Были у нас две Даши: глухая Даша и просто Даша. Глухая Даша была дочь несчастной мызной скотницы-вдовы. Мужа скотницы, пастуха, забодал насмерть молодой наш мызный бык. Восьмилетнюю Дашу, почти мне ровесницу, взяли в приют при земской школе, на стипендию моей матери, а злому, неразумному быку привязали к подпиленным рогам плоскую доску, и снова пустили в стадо.
Моя гувернантка на наших вечерних прогулках далеко обходила широкую земляную дорогу, по которой возвращалось с выгонов на закате солнца большое мызное стадо со своими породистыми быками. Меня же тянуло к той широко в обе стороны растоптанной дороге, и мы спорили о наших желаниях каждый вечер.

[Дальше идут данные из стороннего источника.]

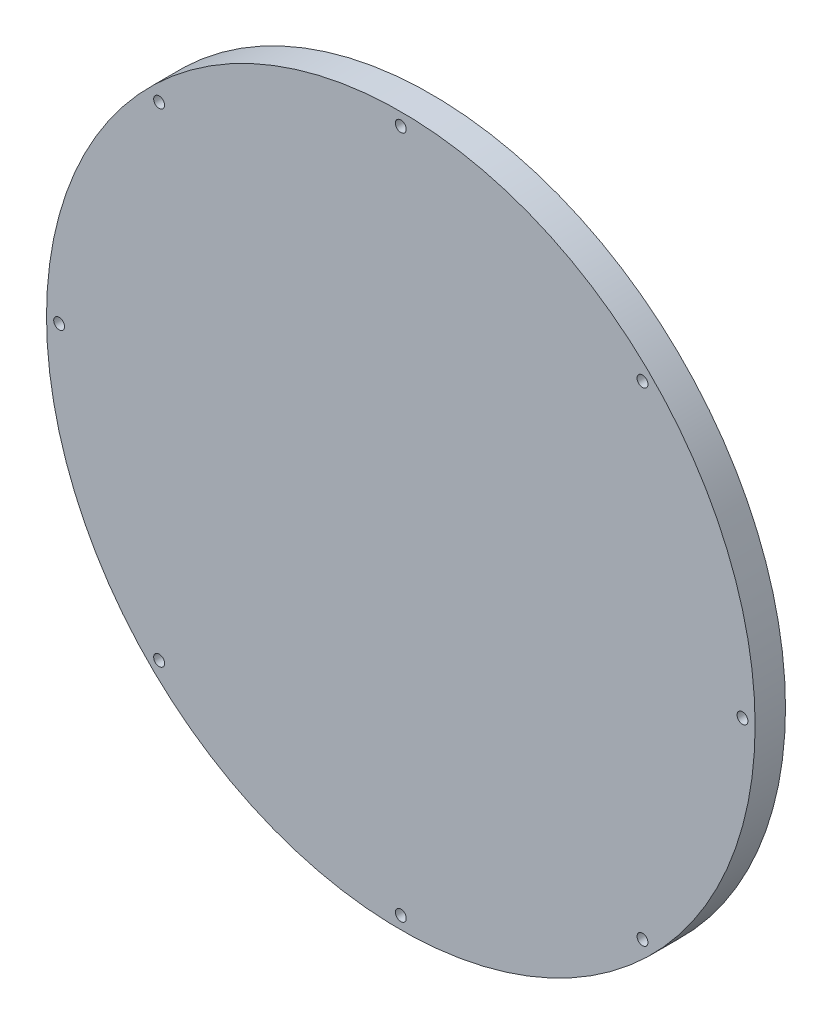
ISO-10303-21;
HEADER;
FILE_DESCRIPTION(('STEP AP214'),'2;1');
FILE_NAME('part.step','',(''),(''),'','','');
FILE_SCHEMA(('AUTOMOTIVE_DESIGN { 1 0 10303 214 1 1 1 1 }'));
ENDSEC;
DATA;
#1=APPLICATION_CONTEXT('core data for automotive mechanical design processes');
#2=APPLICATION_PROTOCOL_DEFINITION('international standard','automotive_design',2000,#1);
#3=PRODUCT_CONTEXT('',#1,'mechanical');
#4=PRODUCT('Part','Part','',(#3));
#5=PRODUCT_RELATED_PRODUCT_CATEGORY('part','',(#4));
#6=PRODUCT_DEFINITION_FORMATION('','',#4);
#7=PRODUCT_DEFINITION_CONTEXT('part definition',#1,'design');
#8=PRODUCT_DEFINITION('design','',#6,#7);
#9=PRODUCT_DEFINITION_SHAPE('','',#8);
#10=(LENGTH_UNIT() NAMED_UNIT(*) SI_UNIT(.MILLI.,.METRE.));
#11=(NAMED_UNIT(*) PLANE_ANGLE_UNIT() SI_UNIT($,.RADIAN.));
#12=(NAMED_UNIT(*) SI_UNIT($,.STERADIAN.) SOLID_ANGLE_UNIT());
#13=UNCERTAINTY_MEASURE_WITH_UNIT(LENGTH_MEASURE(1.E-05),#10,'distance_accuracy_value','');
#14=(GEOMETRIC_REPRESENTATION_CONTEXT(3) GLOBAL_UNCERTAINTY_ASSIGNED_CONTEXT((#13)) GLOBAL_UNIT_ASSIGNED_CONTEXT((#10,
#11,#12)) REPRESENTATION_CONTEXT('',''));
#15=CARTESIAN_POINT('',(0.,0.,0.));
#16=DIRECTION('',(0.,0.,1.));
#17=DIRECTION('',(1.,0.,0.));
#18=AXIS2_PLACEMENT_3D('',#15,#16,#17);
#19=CARTESIAN_POINT('',(0.,0.,12.));
#20=DIRECTION('',(0.,0.,-1.));
#21=DIRECTION('',(-1.,0.,0.));
#22=AXIS2_PLACEMENT_3D('',#19,#20,#21);
#23=CYLINDRICAL_SURFACE('',#22,140.);
#24=CARTESIAN_POINT('',(0.,0.,12.));
#25=DIRECTION('',(0.,0.,1.));
#26=DIRECTION('',(1.,0.,0.));
#27=AXIS2_PLACEMENT_3D('',#24,#25,#26);
#28=CIRCLE('',#27,140.);
#29=CARTESIAN_POINT('',(140.,0.,12.));
#30=VERTEX_POINT('',#29);
#31=EDGE_CURVE('E10',#30,#30,#28,.T.);
#32=ORIENTED_EDGE('',*,*,#31,.F.);
#33=EDGE_LOOP('',(#32));
#34=FACE_BOUND('',#33,.T.);
#35=CARTESIAN_POINT('',(0.,0.,0.));
#36=DIRECTION('',(0.,0.,1.));
#37=DIRECTION('',(1.,0.,0.));
#38=AXIS2_PLACEMENT_3D('',#35,#36,#37);
#39=CIRCLE('',#38,140.);
#40=CARTESIAN_POINT('',(140.,0.,0.));
#41=VERTEX_POINT('',#40);
#42=EDGE_CURVE('E36',#41,#41,#39,.T.);
#43=ORIENTED_EDGE('',*,*,#42,.T.);
#44=EDGE_LOOP('',(#43));
#45=FACE_BOUND('',#44,.T.);
#46=ADVANCED_FACE('F33',(#34,#45),#23,.T.);
#47=CARTESIAN_POINT('',(0.,0.,12.));
#48=DIRECTION('',(0.,0.,1.));
#49=DIRECTION('',(1.,0.,0.));
#50=AXIS2_PLACEMENT_3D('',#47,#48,#49);
#51=PLANE('',#50);
#52=CARTESIAN_POINT('',(0.,135.,12.));
#53=DIRECTION('',(0.,0.,-1.));
#54=DIRECTION('',(-1.,0.,0.));
#55=AXIS2_PLACEMENT_3D('',#52,#53,#54);
#56=CIRCLE('',#55,2.15);
#57=CARTESIAN_POINT('',(-2.15,135.,12.));
#58=VERTEX_POINT('',#57);
#59=EDGE_CURVE('E107',#58,#58,#56,.T.);
#60=ORIENTED_EDGE('',*,*,#59,.T.);
#61=EDGE_LOOP('',(#60));
#62=FACE_BOUND('',#61,.T.);
#63=CARTESIAN_POINT('',(-135.,0.,12.));
#64=DIRECTION('',(0.,0.,-1.));
#65=DIRECTION('',(-1.,0.,0.));
#66=AXIS2_PLACEMENT_3D('',#63,#64,#65);
#67=CIRCLE('',#66,2.14999999999999);
#68=CARTESIAN_POINT('',(-137.15,0.,12.));
#69=VERTEX_POINT('',#68);
#70=EDGE_CURVE('E98',#69,#69,#67,.T.);
#71=ORIENTED_EDGE('',*,*,#70,.T.);
#72=EDGE_LOOP('',(#71));
#73=FACE_BOUND('',#72,.T.);
#74=CARTESIAN_POINT('',(0.,-135.,12.));
#75=DIRECTION('',(0.,0.,-1.));
#76=DIRECTION('',(-1.,0.,0.));
#77=AXIS2_PLACEMENT_3D('',#74,#75,#76);
#78=CIRCLE('',#77,2.15);
#79=CARTESIAN_POINT('',(-2.15,-135.,12.));
#80=VERTEX_POINT('',#79);
#81=EDGE_CURVE('E89',#80,#80,#78,.T.);
#82=ORIENTED_EDGE('',*,*,#81,.T.);
#83=EDGE_LOOP('',(#82));
#84=FACE_BOUND('',#83,.T.);
#85=CARTESIAN_POINT('',(135.,0.,12.));
#86=DIRECTION('',(0.,0.,-1.));
#87=DIRECTION('',(-1.,0.,0.));
#88=AXIS2_PLACEMENT_3D('',#85,#86,#87);
#89=CIRCLE('',#88,2.14999999999999);
#90=CARTESIAN_POINT('',(132.85,0.,12.));
#91=VERTEX_POINT('',#90);
#92=EDGE_CURVE('E80',#91,#91,#89,.T.);
#93=ORIENTED_EDGE('',*,*,#92,.T.);
#94=EDGE_LOOP('',(#93));
#95=FACE_BOUND('',#94,.T.);
#96=CARTESIAN_POINT('',(95.5,95.5,12.));
#97=DIRECTION('',(0.,0.,-1.));
#98=DIRECTION('',(-1.,0.,0.));
#99=AXIS2_PLACEMENT_3D('',#96,#97,#98);
#100=CIRCLE('',#99,2.15);
#101=CARTESIAN_POINT('',(93.35,95.5,12.));
#102=VERTEX_POINT('',#101);
#103=EDGE_CURVE('E71',#102,#102,#100,.T.);
#104=ORIENTED_EDGE('',*,*,#103,.T.);
#105=EDGE_LOOP('',(#104));
#106=FACE_BOUND('',#105,.T.);
#107=CARTESIAN_POINT('',(-95.5,95.5,12.));
#108=DIRECTION('',(0.,0.,-1.));
#109=DIRECTION('',(-1.,0.,0.));
#110=AXIS2_PLACEMENT_3D('',#107,#108,#109);
#111=CIRCLE('',#110,2.15);
#112=CARTESIAN_POINT('',(-97.65,95.5,12.));
#113=VERTEX_POINT('',#112);
#114=EDGE_CURVE('E62',#113,#113,#111,.T.);
#115=ORIENTED_EDGE('',*,*,#114,.T.);
#116=EDGE_LOOP('',(#115));
#117=FACE_BOUND('',#116,.T.);
#118=CARTESIAN_POINT('',(-95.5,-95.5,12.));
#119=DIRECTION('',(0.,0.,-1.));
#120=DIRECTION('',(-1.,0.,0.));
#121=AXIS2_PLACEMENT_3D('',#118,#119,#120);
#122=CIRCLE('',#121,2.15);
#123=CARTESIAN_POINT('',(-97.65,-95.5,12.));
#124=VERTEX_POINT('',#123);
#125=EDGE_CURVE('E53',#124,#124,#122,.T.);
#126=ORIENTED_EDGE('',*,*,#125,.T.);
#127=EDGE_LOOP('',(#126));
#128=FACE_BOUND('',#127,.T.);
#129=CARTESIAN_POINT('',(95.5,-95.5,12.));
#130=DIRECTION('',(0.,0.,-1.));
#131=DIRECTION('',(-1.,0.,0.));
#132=AXIS2_PLACEMENT_3D('',#129,#130,#131);
#133=CIRCLE('',#132,2.15);
#134=CARTESIAN_POINT('',(93.35,-95.5,12.));
#135=VERTEX_POINT('',#134);
#136=EDGE_CURVE('E43',#135,#135,#133,.T.);
#137=ORIENTED_EDGE('',*,*,#136,.T.);
#138=EDGE_LOOP('',(#137));
#139=FACE_BOUND('',#138,.T.);
#140=ORIENTED_EDGE('',*,*,#31,.T.);
#141=EDGE_LOOP('',(#140));
#142=FACE_BOUND('',#141,.T.);
#143=ADVANCED_FACE('F123',(#62,#73,#84,#95,#106,#117,#128,#139,#142),#51,.T.);
#144=CARTESIAN_POINT('',(0.,0.,0.));
#145=DIRECTION('',(0.,0.,1.));
#146=DIRECTION('',(1.,0.,0.));
#147=AXIS2_PLACEMENT_3D('',#144,#145,#146);
#148=PLANE('',#147);
#149=CARTESIAN_POINT('',(0.,135.,0.));
#150=DIRECTION('',(0.,0.,-1.));
#151=DIRECTION('',(-1.,0.,0.));
#152=AXIS2_PLACEMENT_3D('',#149,#150,#151);
#153=CIRCLE('',#152,4.7);
#154=CARTESIAN_POINT('',(-4.7,135.,0.));
#155=VERTEX_POINT('',#154);
#156=EDGE_CURVE('E113',#155,#155,#153,.T.);
#157=ORIENTED_EDGE('',*,*,#156,.F.);
#158=EDGE_LOOP('',(#157));
#159=FACE_BOUND('',#158,.T.);
#160=CARTESIAN_POINT('',(-135.,0.,0.));
#161=DIRECTION('',(0.,0.,-1.));
#162=DIRECTION('',(-1.,0.,0.));
#163=AXIS2_PLACEMENT_3D('',#160,#161,#162);
#164=CIRCLE('',#163,4.70000000000001);
#165=CARTESIAN_POINT('',(-139.7,0.,0.));
#166=VERTEX_POINT('',#165);
#167=EDGE_CURVE('E104',#166,#166,#164,.T.);
#168=ORIENTED_EDGE('',*,*,#167,.F.);
#169=EDGE_LOOP('',(#168));
#170=FACE_BOUND('',#169,.T.);
#171=CARTESIAN_POINT('',(0.,-135.,0.));
#172=DIRECTION('',(0.,0.,-1.));
#173=DIRECTION('',(-1.,0.,0.));
#174=AXIS2_PLACEMENT_3D('',#171,#172,#173);
#175=CIRCLE('',#174,4.7);
#176=CARTESIAN_POINT('',(-4.7,-135.,0.));
#177=VERTEX_POINT('',#176);
#178=EDGE_CURVE('E95',#177,#177,#175,.T.);
#179=ORIENTED_EDGE('',*,*,#178,.F.);
#180=EDGE_LOOP('',(#179));
#181=FACE_BOUND('',#180,.T.);
#182=CARTESIAN_POINT('',(135.,0.,0.));
#183=DIRECTION('',(0.,0.,-1.));
#184=DIRECTION('',(-1.,0.,0.));
#185=AXIS2_PLACEMENT_3D('',#182,#183,#184);
#186=CIRCLE('',#185,4.70000000000001);
#187=CARTESIAN_POINT('',(130.3,0.,0.));
#188=VERTEX_POINT('',#187);
#189=EDGE_CURVE('E86',#188,#188,#186,.T.);
#190=ORIENTED_EDGE('',*,*,#189,.F.);
#191=EDGE_LOOP('',(#190));
#192=FACE_BOUND('',#191,.T.);
#193=CARTESIAN_POINT('',(95.5,95.5,0.));
#194=DIRECTION('',(0.,0.,-1.));
#195=DIRECTION('',(-1.,0.,0.));
#196=AXIS2_PLACEMENT_3D('',#193,#194,#195);
#197=CIRCLE('',#196,4.7);
#198=CARTESIAN_POINT('',(90.8,95.5,0.));
#199=VERTEX_POINT('',#198);
#200=EDGE_CURVE('E77',#199,#199,#197,.T.);
#201=ORIENTED_EDGE('',*,*,#200,.F.);
#202=EDGE_LOOP('',(#201));
#203=FACE_BOUND('',#202,.T.);
#204=CARTESIAN_POINT('',(-95.5,95.5,0.));
#205=DIRECTION('',(0.,0.,-1.));
#206=DIRECTION('',(-1.,0.,0.));
#207=AXIS2_PLACEMENT_3D('',#204,#205,#206);
#208=CIRCLE('',#207,4.7);
#209=CARTESIAN_POINT('',(-100.2,95.5,0.));
#210=VERTEX_POINT('',#209);
#211=EDGE_CURVE('E68',#210,#210,#208,.T.);
#212=ORIENTED_EDGE('',*,*,#211,.F.);
#213=EDGE_LOOP('',(#212));
#214=FACE_BOUND('',#213,.T.);
#215=CARTESIAN_POINT('',(-95.5,-95.5,0.));
#216=DIRECTION('',(0.,0.,-1.));
#217=DIRECTION('',(-1.,0.,0.));
#218=AXIS2_PLACEMENT_3D('',#215,#216,#217);
#219=CIRCLE('',#218,4.7);
#220=CARTESIAN_POINT('',(-100.2,-95.5,0.));
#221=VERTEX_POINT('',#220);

Я говорила:
– - Там, на той дороге, волны; это как в Долгове!
Я любила море в Долгове и сырой, белый, тонкий песок, на котором волны втиснули глубокие, извилистые бороздки.
На моей любимой дороге борозды были глубже, и волны пыльной навозной земли между ними плосче и шире, но сердце, все равно, замирало и млело вольною памятью моря. И мысль уносилась к восторгам тех вольных трех июльских недель. Мы проводили их без порядка и закона в моем Долгове. Там часами бегала по мокрым камешкам босыми ногами, там спали на сенниках.